When children have a place where their emotions are not judged or corrected, they learn something foundational. Their inner world is safe to visit.
Feelings can be felt all the way through. And connection does not disappear when things get messy.
Replace Fixing with Validation and Empathy
Sometimes our child sounds like they are trying to solve a problem, but what they are actually expressing is emotional overload. The words sound practical. The frustration is not.
When we stay in fixing mode, we assume the child needs help thinking. But in emotionally charged moments, the nervous system is driving the behavior, not logic. More solutions do not bring relief. They often add pressure.
This moment is not rational. It is emotional.
The problem does not need another solution. The emotion needs space.
Validation and empathy communicate safety. They tell the child, I see how hard this is. You’re not alone inside it. When emotions are met with presence instead of correction, the nervous system can settle.
This does not mean all behavior is acceptable. Safety and boundaries still matter. But most of the time, what we are witnessing is not defiance or laziness. It is overwhelm.
Escalation often happens after we step in.
We try to get the frustration to stop.
We push solutions.
We correct tone.
We rush regulation.
And in doing so, we intensify what was already there.
When frustration is treated like a problem to eliminate, it grows louder in order to be heard.
Scenario: Homework Frustration and Emotional Overload
A child is working on homework.
Child: “I can’t do this math problem. It doesn’t make sense.”
Parent: “Let’s read the question again together.”
Child: “That won’t help.”
Parent: “Try writing it out step by step.”
Child: “I already did that. It’s still wrong.”
Parent: “What if we skip this one and come back to it later?”
Child: “No. I need to finish it now. This is so stupid.”
The parent notices they are starting to feel frustrated.
They pause.
Validation and empathy sound like this:
“You’re really frustrated. You’ve been trying and nothing is working.”
“This feels overwhelming right now.”
We stop talking.
We stay close.
We let the frustration be felt.
There is nothing to fix here.
The child may grow loud, complain loudly, or slam the book shut.

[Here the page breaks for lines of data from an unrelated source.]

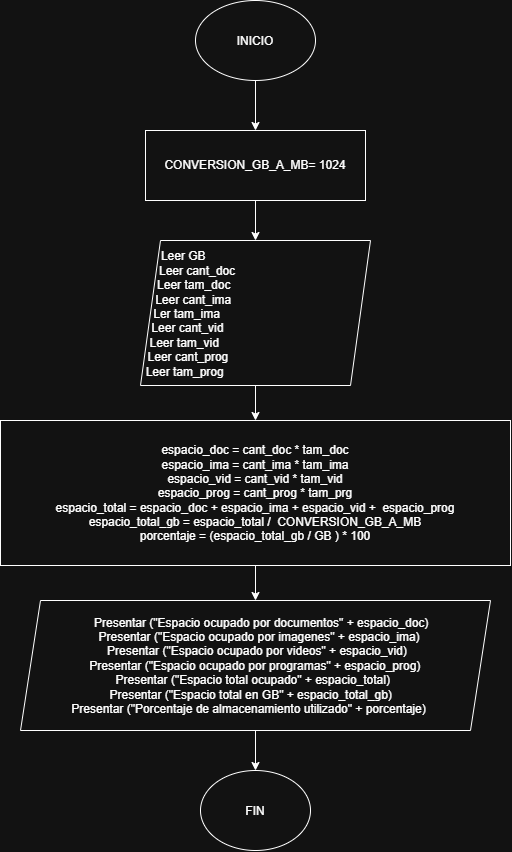

The diagram above was exported from draw.io. Its source (the exported page's mxGraphModel, read from the mxfile embedded in the PNG):
<mxGraphModel dx="1242" dy="975" grid="1" gridSize="10" guides="1" tooltips="1" connect="1" arrows="1" fold="1" page="1" pageScale="1" pageWidth="827" pageHeight="1169" math="0" shadow="0">
  <root>
    <mxCell id="0" />
    <mxCell id="1" parent="0" />
    <mxCell id="sQ3AXkFsIUccH567twQD-3" edge="1" parent="1" source="sQ3AXkFsIUccH567twQD-1" style="edgeStyle=orthogonalEdgeStyle;rounded=0;orthogonalLoop=1;jettySize=auto;html=1;" target="sQ3AXkFsIUccH567twQD-2" value="">
      <mxGeometry relative="1" as="geometry" />
    </mxCell>
    <mxCell id="sQ3AXkFsIUccH567twQD-1" parent="1" style="ellipse;whiteSpace=wrap;html=1;shapeInside=1;" value="INICIO" vertex="1">
      <mxGeometry height="80" width="120" x="320" as="geometry" />
    </mxCell>
    <mxCell id="sQ3AXkFsIUccH567twQD-5" edge="1" parent="1" source="sQ3AXkFsIUccH567twQD-2" style="edgeStyle=orthogonalEdgeStyle;rounded=0;orthogonalLoop=1;jettySize=auto;html=1;" target="sQ3AXkFsIUccH567twQD-4" value="">
      <mxGeometry relative="1" as="geometry" />
    </mxCell>
    <mxCell id="sQ3AXkFsIUccH567twQD-2" parent="1" style="whiteSpace=wrap;html=1;" value="CONVERSION_GB_A_MB= 1024" vertex="1">
      <mxGeometry height="70" width="220" x="270" y="130" as="geometry" />
    </mxCell>
    <mxCell id="sQ3AXkFsIUccH567twQD-7" edge="1" parent="1" source="sQ3AXkFsIUccH567twQD-4" style="edgeStyle=orthogonalEdgeStyle;rounded=0;orthogonalLoop=1;jettySize=auto;html=1;" target="sQ3AXkFsIUccH567twQD-6" value="">
      <mxGeometry relative="1" as="geometry" />
    </mxCell>
    <mxCell id="sQ3AXkFsIUccH567twQD-4" parent="1" style="shape=parallelogram;perimeter=parallelogramPerimeter;whiteSpace=wrap;html=1;shapeInside=1;fixedSize=1;" value="&lt;div&gt;&lt;br&gt;&lt;/div&gt;&lt;div&gt;&lt;div style=&quot;text-align: left;&quot;&gt;Leer GB&lt;/div&gt;&lt;div style=&quot;text-align: left;&quot;&gt;Leer cant_doc&lt;/div&gt;&lt;div style=&quot;text-align: left;&quot;&gt;Leer tam_doc&lt;/div&gt;&lt;div style=&quot;text-align: left;&quot;&gt;Leer cant_ima&lt;/div&gt;&lt;div style=&quot;text-align: left;&quot;&gt;Ler tam_ima&lt;/div&gt;&lt;div style=&quot;text-align: left;&quot;&gt;Leer cant_vid&lt;/div&gt;&lt;div style=&quot;text-align: left;&quot;&gt;Leer tam_vid&lt;/div&gt;&lt;div style=&quot;text-align: left;&quot;&gt;Leer cant_prog&lt;/div&gt;&lt;div style=&quot;text-align: left;&quot;&gt;Leer tam_prog&lt;/div&gt;&lt;/div&gt;" vertex="1">
      <mxGeometry height="145" width="230" x="265" y="240" as="geometry" />
    </mxCell>
    <mxCell id="sQ3AXkFsIUccH567twQD-9" edge="1" parent="1" source="sQ3AXkFsIUccH567twQD-6" style="edgeStyle=orthogonalEdgeStyle;rounded=0;orthogonalLoop=1;jettySize=auto;html=1;" target="sQ3AXkFsIUccH567twQD-8" value="">
      <mxGeometry relative="1" as="geometry" />
    </mxCell>
    <mxCell id="sQ3AXkFsIUccH567twQD-6" parent="1" style="whiteSpace=wrap;html=1;" value="espacio_doc = cant_doc * tam_doc&lt;div&gt;espacio_ima = cant_ima * tam_ima&lt;/div&gt;&lt;div&gt;espacio_vid = cant_vid * tam_vid&lt;/div&gt;&lt;div&gt;espacio_prog = cant_prog * tam_prg&lt;/div&gt;&lt;div&gt;espacio_total = espacio_doc + espacio_ima + espacio_vid +&amp;nbsp; espacio_prog&lt;/div&gt;&lt;div&gt;espacio_total_gb = espacio_total /&amp;nbsp;&amp;nbsp;&lt;span style=&quot;background-color: transparent; color: light-dark(rgb(0, 0, 0), rgb(255, 255, 255));&quot;&gt;CONVERSION_GB_A_MB&lt;/span&gt;&lt;/div&gt;&lt;div&gt;&lt;span style=&quot;background-color: transparent; color: light-dark(rgb(0, 0, 0), rgb(255, 255, 255));&quot;&gt;porcentaje = (espacio_total_gb / GB ) * 100&lt;/span&gt;&lt;/div&gt;" vertex="1">
      <mxGeometry height="145" width="510" x="125" y="420" as="geometry" />
    </mxCell>
    <mxCell id="sQ3AXkFsIUccH567twQD-12" edge="1" parent="1" source="sQ3AXkFsIUccH567twQD-8" style="edgeStyle=orthogonalEdgeStyle;rounded=0;orthogonalLoop=1;jettySize=auto;html=1;" target="sQ3AXkFsIUccH567twQD-11" value="">
      <mxGeometry relative="1" as="geometry" />
    </mxCell>
    <mxCell id="sQ3AXkFsIUccH567twQD-8" parent="1" style="shape=parallelogram;perimeter=parallelogramPerimeter;whiteSpace=wrap;html=1;shapeInside=1;fixedSize=1;" value="&lt;div&gt;&lt;br&gt;&lt;/div&gt;&lt;div&gt;&lt;br&gt;&lt;br&gt;&lt;div&gt;Presentar (&quot;Espacio ocupado por documentos&quot; + espacio_doc)&lt;/div&gt;&lt;div&gt;Presentar (&quot;Espacio ocupado por imagenes&quot; + espacio_ima)&lt;/div&gt;&lt;div&gt;Presentar (&quot;Espacio ocupado por videos&quot; + espacio_vid)&lt;/div&gt;&lt;div&gt;Presentar (&quot;Espacio ocupado por programas&quot; + espacio_prog)&lt;/div&gt;&lt;div&gt;Presentar (&quot;Espacio total ocupado&quot; + espacio_total)&lt;/div&gt;&lt;div&gt;Presentar (&quot;Espacio total en GB&quot; + espacio_total_gb)&lt;/div&gt;&lt;div&gt;Presentar (&quot;Porcentaje de almacenamiento utilizado&quot; + porcentaje)&lt;/div&gt;&lt;/div&gt;" vertex="1">
      <mxGeometry height="130" width="470" x="145" y="600" as="geometry" />
    </mxCell>
    <mxCell id="sQ3AXkFsIUccH567twQD-11" parent="1" style="ellipse;whiteSpace=wrap;html=1;shapeInside=1;" value="FIN" vertex="1">
      <mxGeometry height="80" width="110" x="325" y="770" as="geometry" />
    </mxCell>
  </root>
</mxGraphModel>

They may be short with you.
And still, everyone and everything is safe.
You are strong and capable. You can handle this storm.
Your child is learning how to feel frustrated. They are inside the feeling, not acting against you.
If your child is screaming, calling names, or slamming doors, it is worth asking an honest question.
What part of this moment was fueled by our pushback and fixing?
Notice when a moment is emotional and not rational.
Reflect.
Empathize.
Validate.
Hold space.
Over and over.
This is how children build emotional intelligence and maturity. Not by stopping frustration quickly, but by being supported while they learn how to move through it safely, with you steady beside them.
Replace Rationalizing with Room for Depth
When a child is emotional, it is tempting to offer a rational thought or a quick exit from the feeling. Even when we are technically right, it can still be unhelpful.
“I’m the worst soccer player on the team!”
Fixing sounds like: “That’s absurd. You are obviously not the worst. In fact, you are one of the best on the team. Don’t be ridiculous.”
Even if that is true, the statement is emotional, not rational. Underneath it may be grief, jealousy, loneliness, or rejection.
Scenario: Social Exclusion and Hurt Feelings
Room for depth sounds like:
Parent: “You feel like you’re the worst.”
Child: “Yes. No one wants me on the team.”
Parent: “That must really hurt.”
Child: “Lizzy and Jane had a sleepover and I wasn’t invited.”
Parent: “That must have felt really painful. You wish you could have gone too.”
The tears come.
The emotion moves.
Your child is truly seen and heard.
Reflection Questions
- When your child seems perpetually unhappy, what is your instinctive response, and how quickly do you move into fixing mode?
- In what moments do you feel most uncomfortable allowing your child to feel frustration, disappointment, or anger without stepping in?
- How does your own emotional regulation influence whether you teach or hold space?
- What might shift if your child experienced you as a place where emotions are welcomed, not managed?